* _Task objective_:
Every line below between the line holding "#11,#12)) REPRESENTATION_CONTEXT('',''));" and the line holding "#27=LINE('',#26,#25);", inclusive, should be repeated exactly, and all other lines omitted.
(Data section)
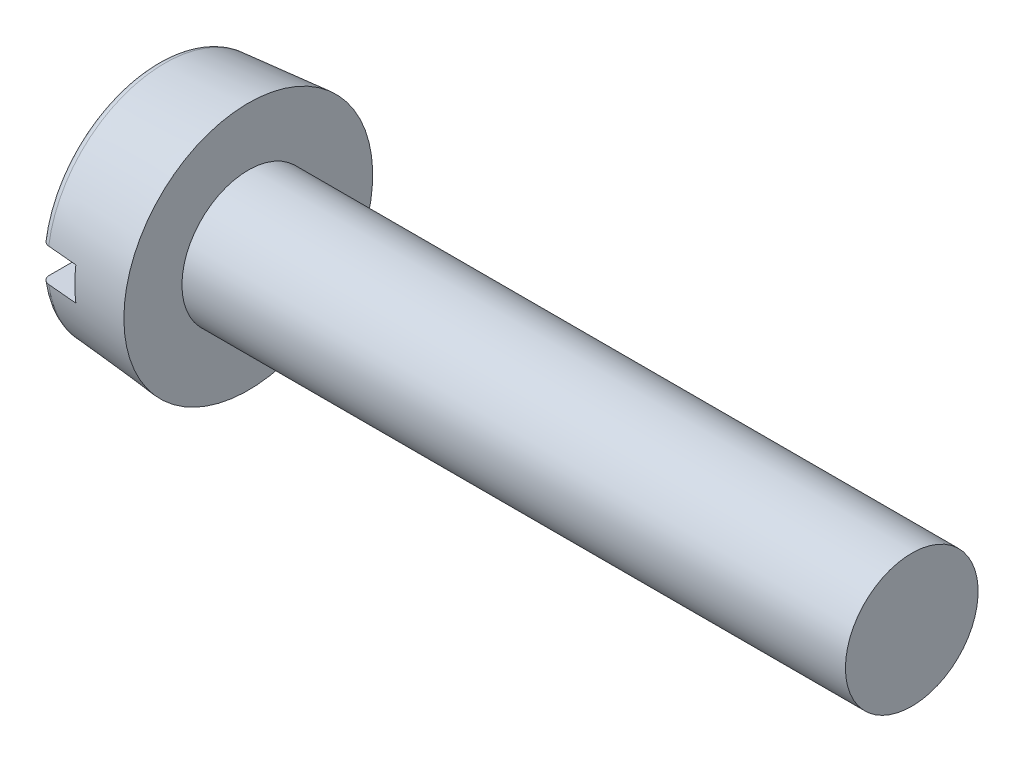
ISO-10303-21;
HEADER;
FILE_DESCRIPTION(('STEP AP214'),'2;1');
FILE_NAME('part.step','',(''),(''),'','','');
FILE_SCHEMA(('AUTOMOTIVE_DESIGN { 1 0 10303 214 1 1 1 1 }'));
ENDSEC;
DATA;
#1=APPLICATION_CONTEXT('core data for automotive mechanical design processes');
#2=APPLICATION_PROTOCOL_DEFINITION('international standard','automotive_design',2000,#1);
#3=PRODUCT_CONTEXT('',#1,'mechanical');
#4=PRODUCT('Part','Part','',(#3));
#5=PRODUCT_RELATED_PRODUCT_CATEGORY('part','',(#4));
#6=PRODUCT_DEFINITION_FORMATION('','',#4);
#7=PRODUCT_DEFINITION_CONTEXT('part definition',#1,'design');
#8=PRODUCT_DEFINITION('design','',#6,#7);
#9=PRODUCT_DEFINITION_SHAPE('','',#8);
#10=(LENGTH_UNIT() NAMED_UNIT(*) SI_UNIT(.MILLI.,.METRE.));
#11=(NAMED_UNIT(*) PLANE_ANGLE_UNIT() SI_UNIT($,.RADIAN.));
#12=(NAMED_UNIT(*) SI_UNIT($,.STERADIAN.) SOLID_ANGLE_UNIT());
#13=UNCERTAINTY_MEASURE_WITH_UNIT(LENGTH_MEASURE(1.E-05),#10,'distance_accuracy_value','');
#14=(GEOMETRIC_REPRESENTATION_CONTEXT(3) GLOBAL_UNCERTAINTY_ASSIGNED_CONTEXT((#13)) GLOBAL_UNIT_ASSIGNED_CONTEXT((#10,
#11,#12)) REPRESENTATION_CONTEXT('',''));
#15=CARTESIAN_POINT('',(0.,0.,0.));
#16=DIRECTION('',(0.,0.,1.));
#17=DIRECTION('',(1.,0.,0.));
#18=AXIS2_PLACEMENT_3D('',#15,#16,#17);
#19=CARTESIAN_POINT('',(0.,0.,0.));
#20=DIRECTION('',(-1.,0.,0.));
#21=DIRECTION('',(0.,0.,1.));
#22=AXIS2_PLACEMENT_3D('',#19,#20,#21);
#23=PLANE('',#22);
#24=DIRECTION('',(0.,0.,-1.));
#25=VECTOR('',#24,1.);
#26=CARTESIAN_POINT('',(0.,0.2,1.5));
#27=LINE('',#26,#25);
#28=CARTESIAN_POINT('',(0.,0.2,1.29679737749146));
#29=VERTEX_POINT('',#28);
#30=CARTESIAN_POINT('',(0.,0.2,-1.29679737749146));
#31=VERTEX_POINT('',#30);
#32=EDGE_CURVE('E104',#29,#31,#27,.T.);
#33=ORIENTED_EDGE('',*,*,#32,.F.);
#34=CARTESIAN_POINT('',(0.,0.,0.));
#35=DIRECTION('',(-1.,0.,0.));
#36=DIRECTION('',(0.,0.,1.));
#37=AXIS2_PLACEMENT_3D('',#34,#35,#36);
#38=CIRCLE('',#37,1.31212935271974);
#39=EDGE_CURVE('E106',#29,#31,#38,.T.);
#40=ORIENTED_EDGE('',*,*,#39,.T.);
#41=EDGE_LOOP('',(#33,#40));
#42=FACE_BOUND('',#41,.T.);
#43=ADVANCED_FACE('F35',(#42),#23,.T.);
#44=CARTESIAN_POINT('',(0.1,0.,0.));
#45=DIRECTION('',(-1.,0.,0.));
#46=DIRECTION('',(0.,0.,1.));
#47=AXIS2_PLACEMENT_3D('',#44,#45,#46);
#48=TOROIDAL_SURFACE('',#47,1.31212935271974,0.1);
#49=CARTESIAN_POINT('',(0.0414806405140106,0.2,-1.37878873869132));
#50=CARTESIAN_POINT('',(0.045992706268456,0.2,-1.38207872080672));
#51=CARTESIAN_POINT('',(0.0507840970123343,0.2,-1.384992124698));
#52=CARTESIAN_POINT('',(0.0607913614850068,0.2,-1.38997655926365));
#53=CARTESIAN_POINT('',(0.0660076927554337,0.2,-1.39204666716679));
#54=CARTESIAN_POINT('',(0.0767138026794469,0.2,-1.39527943903315));
#55=CARTESIAN_POINT('',(0.0822035244640968,0.2,-1.3964422908861));
#56=CARTESIAN_POINT('',(0.0932990891068805,0.2,-1.39782558793083));
#57=CARTESIAN_POINT('',(0.0989049042338715,0.2,-1.39804625563095));
#58=CARTESIAN_POINT('',(0.110053313509891,0.2,-1.39754017359693));
#59=CARTESIAN_POINT('',(0.115596062569045,0.2,-1.39681683029812));
#60=CARTESIAN_POINT('',(0.126481642138175,0.2,-1.39445028085468));
#61=CARTESIAN_POINT('',(0.131824467027574,0.2,-1.3928070488694));
#62=CARTESIAN_POINT('',(0.142162597863389,0.2,-1.38864842807059));
#63=CARTESIAN_POINT('',(0.147157700121292,0.2,-1.38613253314648));
#64=CARTESIAN_POINT('',(0.156658159294591,0.2,-1.38030289352851));
#65=CARTESIAN_POINT('',(0.161163504734715,0.2,-1.37698913014599));
#66=CARTESIAN_POINT('',(0.169588111305702,0.2,-1.36963647561987));
#67=CARTESIAN_POINT('',(0.173503473129932,0.2,-1.36559311777687));
#68=CARTESIAN_POINT('',(0.180607831648186,0.2,-1.35691211057948));
#69=CARTESIAN_POINT('',(0.183796794165209,0.2,-1.35227443327847));
#70=CARTESIAN_POINT('',(0.189391769491923,0.2,-1.3424874153805));
#71=CARTESIAN_POINT('',(0.191789700880553,0.2,-1.33733345509101));
#72=CARTESIAN_POINT('',(0.19569590317085,0.2,-1.32669877950339));
#73=CARTESIAN_POINT('',(0.197204123257214,0.2,-1.32121804556149));
#74=CARTESIAN_POINT('',(0.199302643953413,0.2,-1.31002730595364));
#75=CARTESIAN_POINT('',(0.199883711661166,0.2,-1.30431556796017));
#76=CARTESIAN_POINT('',(0.200084708962473,0.2,-1.29287512483865));
#77=CARTESIAN_POINT('',(0.199704598358244,0.2,-1.287146419011));
#78=CARTESIAN_POINT('',(0.197988994443503,0.2,-1.27579996619359));
#79=CARTESIAN_POINT('',(0.196648015633941,0.2,-1.27018304748093));
#80=CARTESIAN_POINT('',(0.193040788100539,0.2,-1.25925443041696));
#81=CARTESIAN_POINT('',(0.190774533693605,0.2,-1.25394273394057));
#82=CARTESIAN_POINT('',(0.18538205629663,0.2,-1.24378559136757));
#83=CARTESIAN_POINT('',(0.182257151707113,0.2,-1.23893944572103));
#84=CARTESIAN_POINT('',(0.175231140293912,0.2,-1.22984670234343));
#85=CARTESIAN_POINT('',(0.171330065880049,0.2,-1.22560007959128));
#86=CARTESIAN_POINT('',(0.162899083220666,0.2,-1.21786965873921));
#87=CARTESIAN_POINT('',(0.158375208316466,0.2,-1.21437928244762));
#88=CARTESIAN_POINT('',(0.148799353097061,0.2,-1.20821933397743));
#89=CARTESIAN_POINT('',(0.143747412157135,0.2,-1.20554970065849));
#90=CARTESIAN_POINT('',(0.133328828939664,0.2,-1.20114330406563));
#91=CARTESIAN_POINT('',(0.127967091422443,0.2,-1.19939494244297));
#92=CARTESIAN_POINT('',(0.117024703752107,0.2,-1.19683371135137));
#93=CARTESIAN_POINT('',(0.111444068408559,0.2,-1.19602077870833));
#94=CARTESIAN_POINT('',(0.100283556423155,0.2,-1.19535934874535));
#95=CARTESIAN_POINT('',(0.0947042584312154,0.2,-1.19550105044551));
#96=CARTESIAN_POINT('',(0.0836492282236536,0.2,-1.19672136311714));
#97=CARTESIAN_POINT('',(0.0781734935834735,0.2,-1.197799952127));
#98=CARTESIAN_POINT('',(0.0674919809063741,0.2,-1.20085751924297));
#99=CARTESIAN_POINT('',(0.0622856685568473,0.2,-1.20283463270732));
#100=CARTESIAN_POINT('',(0.0522755234585236,0.2,-1.20762882764349));
#101=CARTESIAN_POINT('',(0.0474717016780087,0.2,-1.2104459319964));
#102=CARTESIAN_POINT('',(0.038364797689681,0.2,-1.2168597921199));
#103=CARTESIAN_POINT('',(0.03406554388611,0.2,-1.22046198166932));
#104=CARTESIAN_POINT('',(0.0261235169004913,0.2,-1.22832895956775));
#105=CARTESIAN_POINT('',(0.0224807858537098,0.2,-1.23259379041202));
#106=CARTESIAN_POINT('',(0.0159068726282138,0.2,-1.24172167849697));
#107=CARTESIAN_POINT('',(0.0129851152821255,0.2,-1.24659152346576));
#108=CARTESIAN_POINT('',(0.00798981751689208,0.2,-1.25674837943574));
#109=CARTESIAN_POINT('',(0.00591633420418645,0.2,-1.26203541849418));
#110=CARTESIAN_POINT('',(0.00265314843626462,0.2,-1.27294200497139));
#111=CARTESIAN_POINT('',(0.00147388322806701,0.2,-1.27856467692328));
#112=CARTESIAN_POINT('',(7.04341788945292E-05,0.2,-1.28992785871544));
#113=CARTESIAN_POINT('',(-0.000153748687010346,0.2,-1.29566836867603));
#114=CARTESIAN_POINT('',(0.000361012752478395,0.2,-1.30713657329263));
#115=CARTESIAN_POINT('',(0.00110504408471955,0.2,-1.31286404059237));
#116=CARTESIAN_POINT('',(0.00354671167517866,0.2,-1.32411374262448));
#117=CARTESIAN_POINT('',(0.00524458054571486,0.2,-1.32963592694413));
#118=CARTESIAN_POINT('',(0.00954431574689398,0.2,-1.34030328003271));
#119=CARTESIAN_POINT('',(0.0121443890017295,0.2,-1.34544917228006));
#120=CARTESIAN_POINT('',(0.018177136481899,0.2,-1.35522154229951));
#121=CARTESIAN_POINT('',(0.0216087742263154,0.2,-1.35984865626817));
#122=CARTESIAN_POINT('',(0.0278105047502973,0.2,-1.36686955431054));
#123=CARTESIAN_POINT('',(0.0303616325878246,0.2,-1.36946003192939));
#124=CARTESIAN_POINT('',(0.0357293321890374,0.2,-1.37434968831504));
#125=CARTESIAN_POINT('',(0.0385459026655175,0.2,-1.37664886849429));
#126=CARTESIAN_POINT('',(0.0414806405140106,0.2,-1.37878873869132));
#127=B_SPLINE_CURVE_WITH_KNOTS('',3,(#49,#50,#51,#52,#53,#54,#55,#56,#57,#58,#59,#60,#61,#62,
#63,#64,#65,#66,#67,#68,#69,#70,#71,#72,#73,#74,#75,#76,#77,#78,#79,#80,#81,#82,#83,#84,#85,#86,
(End Data section)
* _Expected answer_:
#11,#12)) REPRESENTATION_CONTEXT('',''));
#15=CARTESIAN_POINT('',(0.,0.,0.));
#16=DIRECTION('',(0.,0.,1.));
#17=DIRECTION('',(1.,0.,0.));
#18=AXIS2_PLACEMENT_3D('',#15,#16,#17);
#19=CARTESIAN_POINT('',(0.,0.,0.));
#20=DIRECTION('',(-1.,0.,0.));
#21=DIRECTION('',(0.,0.,1.));
#22=AXIS2_PLACEMENT_3D('',#19,#20,#21);
#23=PLANE('',#22);
#24=DIRECTION('',(0.,0.,-1.));
#25=VECTOR('',#24,1.);
#26=CARTESIAN_POINT('',(0.,0.2,1.5));
#27=LINE('',#26,#25);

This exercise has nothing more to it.